During the conversation, she also ferreted out that I had ceased to believe in God. Quite interestingly, she didn’t focus on that at all after the brief explanation I gave, but while she had mentioned aspects of religion in our discussion up to that point, from then on she didn’t mention it once, even in situations where it would have made sense. Instead she approached whatever topic from a scientific or rational standpoint. I would have been fine either way, but I really appreciated her sensitivity.
By the end of the session, I had a pile of used Kleenex beside me, and I was feeling very grateful I had come.
She gave me two assignments. She wants me to travel back in time in my mind to find the little boy that I once was, the one who so desperately needed love, and spend time with him, talk to him, and tell him what he needed to hear, hold him, love him. I cry every time I think about that.
She also said that I need to be able to feel yes and no.
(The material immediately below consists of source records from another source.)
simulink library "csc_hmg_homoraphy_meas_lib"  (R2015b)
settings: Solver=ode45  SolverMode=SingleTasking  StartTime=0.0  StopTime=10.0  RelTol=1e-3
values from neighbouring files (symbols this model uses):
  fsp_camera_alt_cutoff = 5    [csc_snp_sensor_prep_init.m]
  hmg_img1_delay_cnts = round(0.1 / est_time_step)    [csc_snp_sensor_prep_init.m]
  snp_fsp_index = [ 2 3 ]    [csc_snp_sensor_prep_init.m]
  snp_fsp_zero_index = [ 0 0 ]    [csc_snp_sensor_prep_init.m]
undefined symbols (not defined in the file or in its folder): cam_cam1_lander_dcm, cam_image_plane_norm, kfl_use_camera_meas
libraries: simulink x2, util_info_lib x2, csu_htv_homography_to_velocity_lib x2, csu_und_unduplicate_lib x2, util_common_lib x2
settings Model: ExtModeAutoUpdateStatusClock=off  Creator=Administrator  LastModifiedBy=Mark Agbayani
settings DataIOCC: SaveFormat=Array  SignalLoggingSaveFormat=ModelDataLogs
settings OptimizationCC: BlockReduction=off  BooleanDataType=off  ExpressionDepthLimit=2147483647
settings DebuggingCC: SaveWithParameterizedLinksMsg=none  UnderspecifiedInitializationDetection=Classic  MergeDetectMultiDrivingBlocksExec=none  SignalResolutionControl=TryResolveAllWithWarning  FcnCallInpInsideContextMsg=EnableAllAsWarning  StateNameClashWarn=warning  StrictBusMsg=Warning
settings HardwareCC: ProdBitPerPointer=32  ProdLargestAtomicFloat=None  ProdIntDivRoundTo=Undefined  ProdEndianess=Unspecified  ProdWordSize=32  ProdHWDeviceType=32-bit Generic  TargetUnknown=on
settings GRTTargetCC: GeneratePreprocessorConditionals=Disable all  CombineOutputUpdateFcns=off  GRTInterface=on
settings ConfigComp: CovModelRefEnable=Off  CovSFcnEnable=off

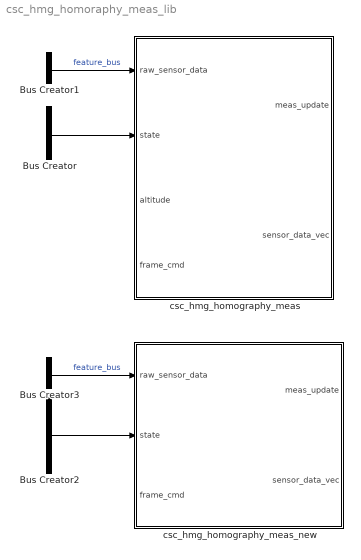
== system csc_hmg_homoraphy_meas_lib ==
  Bus Creator : BusCreator  Inputs=4
  Bus Creator1 : BusCreator  Inputs=2  OutDataTypeStr=Bus: feature_msg  NonVirtualBus=on
  Bus Creator2 : BusCreator  Inputs=5
  Bus Creator3 : BusCreator  Inputs=2  OutDataTypeStr=Bus: feature_msg  NonVirtualBus=on
  csc_hmg_homography_meas : Subsystem
  csc_hmg_homography_meas_new : Subsystem
  wires:
  ? -> Bus Creator/2  "accel"
  ? -> Bus Creator/3  "rate"
  ? -> Bus Creator/1  "x"
  ? -> Bus Creator/4  "q"
  Bus Creator/1 -> csc_hmg_homography_meas/2(state)
  ? -> Bus Creator1/2  "pixels_2"
  ? -> Bus Creator1/1  "pixels_1"
  Bus Creator1/1 -> csc_hmg_homography_meas/1(raw_sensor_data)  "feature_bus"
  ? -> Bus Creator2/2  "accel"
  ? -> Bus Creator2/3  "rate"
  ? -> Bus Creator2/1  "x"
  ? -> Bus Creator2/4  "q"
  Bus Creator2/1 -> csc_hmg_homography_meas_new/2(state)
  ? -> Bus Creator3/2  "pixels_2"
  ? -> Bus Creator3/1  "pixels_1"
  Bus Creator3/1 -> csc_hmg_homography_meas_new/1(raw_sensor_data)  "feature_bus"
  ? -> Bus Creator2/5  "altitude"

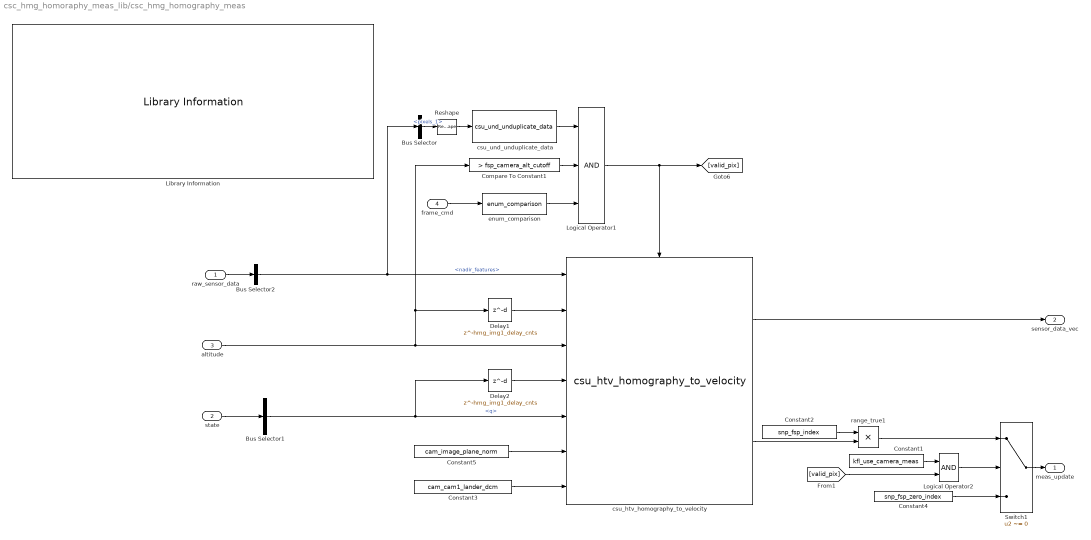
== system csc_hmg_homoraphy_meas_lib/csc_hmg_homography_meas ==
  raw_sensor_data : Inport
  state : Inport  Port=2
  altitude : Inport  Port=3
  frame_cmd : Inport  Port=4
  Bus Selector : BusSelector  OutputSignals=pixels_1
  Bus Selector1 : BusSelector  OutputSignals=q
  Bus Selector2 : BusSelector  OutputSignals=nadir_features
  Compare To Constant1 : simulink/Logic and Bit Operations/Compare To Constant  relop=>  const=fsp_camera_alt_cutoff  OutDataTypeStr=uint8
  Constant1 : Constant  Value=kfl_use_camera_meas
  Constant2 : Constant  Value=snp_fsp_index
  Constant3 : Constant  Value=cam_cam1_lander_dcm
  Constant4 : Constant  Value=snp_fsp_zero_index
  Constant5 : Constant  Value=cam_image_plane_norm  VectorParams1D=off
  Delay1 : Delay  DelayLength=hmg_img1_delay_cnts
  Delay2 : Delay  DelayLength=hmg_img1_delay_cnts
  Library Information : util_info_lib/Library Information  owner='NONE'
  Logical Operator1 : Logic  Inputs=3  AllPortsSameDT=off  OutDataTypeStr=boolean
  Logical Operator2 : Logic  AllPortsSameDT=off  OutDataTypeStr=boolean
  Reshape : Reshape
  Switch1 : Switch  Criteria=u2 ~= 0
  csu_htv_homography_to_velocity : csu_htv_homography_to_velocity_lib/csu_htv_homography_to_velocity
  csu_und_unduplicate_data : csu_und_unduplicate_lib/csu_und_unduplicate_data  initial_compare=0
  enum_comparison : util_common_lib/enum_comparison  comparison_type===
  range_true1 : Product  RndMeth=Zero
  meas_update : Outport
  sensor_data_vec : Outport  Port=2
  wires:
  [valid_pix] -> Logical Operator2/2
  Logical Operator2/1 -> Switch1/2
  Constant1/1 -> Logical Operator2/1
  Constant2/1 -> range_true1/1
  range_true1/1 -> Switch1/1
  csu_htv_homography_to_velocity/2 -> range_true1/2
  Delay2/1 -> csu_htv_homography_to_velocity/4
  frame_cmd/1 -> enum_comparison/1
  enum_comparison/1 -> Logical Operator1/3
  Constant3/1 -> csu_htv_homography_to_velocity/7
  Bus Selector2/1 -> csu_htv_homography_to_velocity/1, Bus Selector/1  "<nadir_features>"
  raw_sensor_data/1 -> Bus Selector2/1
  Constant5/1 -> csu_htv_homography_to_velocity/6
  Delay1/1 -> csu_htv_homography_to_velocity/2
  Bus Selector/1 -> Reshape/1  "<pixels_1>"
  Switch1/1 -> meas_update/1
  csu_htv_homography_to_velocity/1 -> sensor_data_vec/1
  Constant4/1 -> Switch1/3
  Compare To Constant1/1 -> Logical Operator1/2
  csu_und_unduplicate_data/1 -> Logical Operator1/1
  Logical Operator1/1 -> [valid_pix], csu_htv_homography_to_velocity/Enable
  Reshape/1 -> csu_und_unduplicate_data/1
  state/1 -> Bus Selector1/1
  Bus Selector1/1 -> csu_htv_homography_to_velocity/5, Delay2/1  "<q>"
  altitude/1 -> csu_htv_homography_to_velocity/3, Delay1/1, Compare To Constant1/1

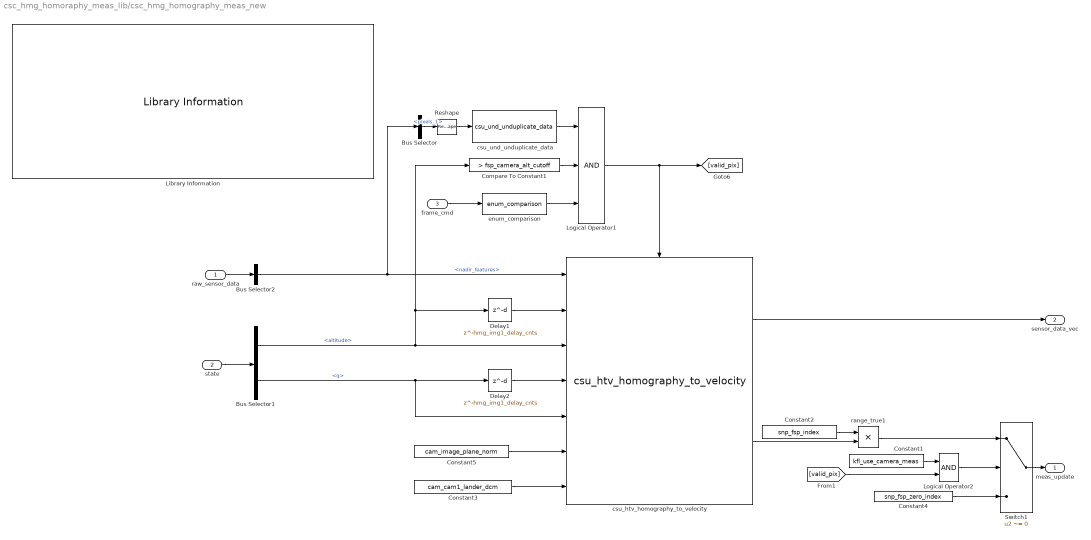
== system csc_hmg_homoraphy_meas_lib/csc_hmg_homography_meas_new ==
  raw_sensor_data : Inport
  state : Inport  Port=2
  frame_cmd : Inport  Port=3
  Bus Selector : BusSelector  OutputSignals=pixels_1
  Bus Selector1 : BusSelector  OutputSignals=altitude,q
  Bus Selector2 : BusSelector  OutputSignals=nadir_features
  Compare To Constant1 : simulink/Logic and Bit Operations/Compare To Constant  relop=>  const=fsp_camera_alt_cutoff  OutDataTypeStr=uint8
  Constant1 : Constant  Value=kfl_use_camera_meas
  Constant2 : Constant  Value=snp_fsp_index
  Constant3 : Constant  Value=cam_cam1_lander_dcm
  Constant4 : Constant  Value=snp_fsp_zero_index
  Constant5 : Constant  Value=cam_image_plane_norm  VectorParams1D=off
  Delay1 : Delay  DelayLength=hmg_img1_delay_cnts
  Delay2 : Delay  DelayLength=hmg_img1_delay_cnts
  Library Information : util_info_lib/Library Information  owner='NONE'
  Logical Operator1 : Logic  Inputs=3  AllPortsSameDT=off  OutDataTypeStr=boolean
  Logical Operator2 : Logic  AllPortsSameDT=off  OutDataTypeStr=boolean
  Reshape : Reshape
  Switch1 : Switch  Criteria=u2 ~= 0
  csu_htv_homography_to_velocity : csu_htv_homography_to_velocity_lib/csu_htv_homography_to_velocity
  csu_und_unduplicate_data : csu_und_unduplicate_lib/csu_und_unduplicate_data  initial_compare=0
  enum_comparison : util_common_lib/enum_comparison  comparison_type===
  range_true1 : Product  RndMeth=Zero
  meas_update : Outport
  sensor_data_vec : Outport  Port=2
  wires:
  [valid_pix] -> Logical Operator2/2
  Logical Operator2/1 -> Switch1/2
  Constant1/1 -> Logical Operator2/1
  Constant2/1 -> range_true1/1
  range_true1/1 -> Switch1/1
  csu_htv_homography_to_velocity/2 -> range_true1/2
  Delay2/1 -> csu_htv_homography_to_velocity/4
  frame_cmd/1 -> enum_comparison/1
  enum_comparison/1 -> Logical Operator1/3
  Constant3/1 -> csu_htv_homography_to_velocity/7
  Bus Selector2/1 -> csu_htv_homography_to_velocity/1, Bus Selector/1  "<nadir_features>"
  raw_sensor_data/1 -> Bus Selector2/1
  Constant5/1 -> csu_htv_homography_to_velocity/6
  Delay1/1 -> csu_htv_homography_to_velocity/2
  Bus Selector/1 -> Reshape/1  "<pixels_1>"
  Switch1/1 -> meas_update/1
  csu_htv_homography_to_velocity/1 -> sensor_data_vec/1
  Constant4/1 -> Switch1/3
  Compare To Constant1/1 -> Logical Operator1/2
  csu_und_unduplicate_data/1 -> Logical Operator1/1
  Logical Operator1/1 -> [valid_pix], csu_htv_homography_to_velocity/Enable
  Reshape/1 -> csu_und_unduplicate_data/1
  state/1 -> Bus Selector1/1
  Bus Selector1/2 -> Delay2/1, csu_htv_homography_to_velocity/5  "<q>"
  Bus Selector1/1 -> csu_htv_homography_to_velocity/3, Delay1/1, Compare To Constant1/1  "<altitude>"

She told me not to worry about acting on it yet, but she wants me to learn what it feels like to know when something I am doing is what I want to do and when it is something I don’t want to do but am doing it anyway because I feel like I should. It’s still early, but so far I’ve felt no half a dozen times, and yes not once. I think maybe that says something about me.
She said she wants to see me in two weeks.
I don’t know why, but this filled me with hope. It’s been a long time since I’ve felt any hope. I’m still skeptical about what she claims her method is, but I’m impressed with her ability to cut so quickly to real issues. I’m not cured yet by any means, if that’s even a possibility, but I do feel hope for the future again. Maybe I can find out who I am, what I really want, and how to find some amount of purpose in my life beyond the expectations I have of what I should do.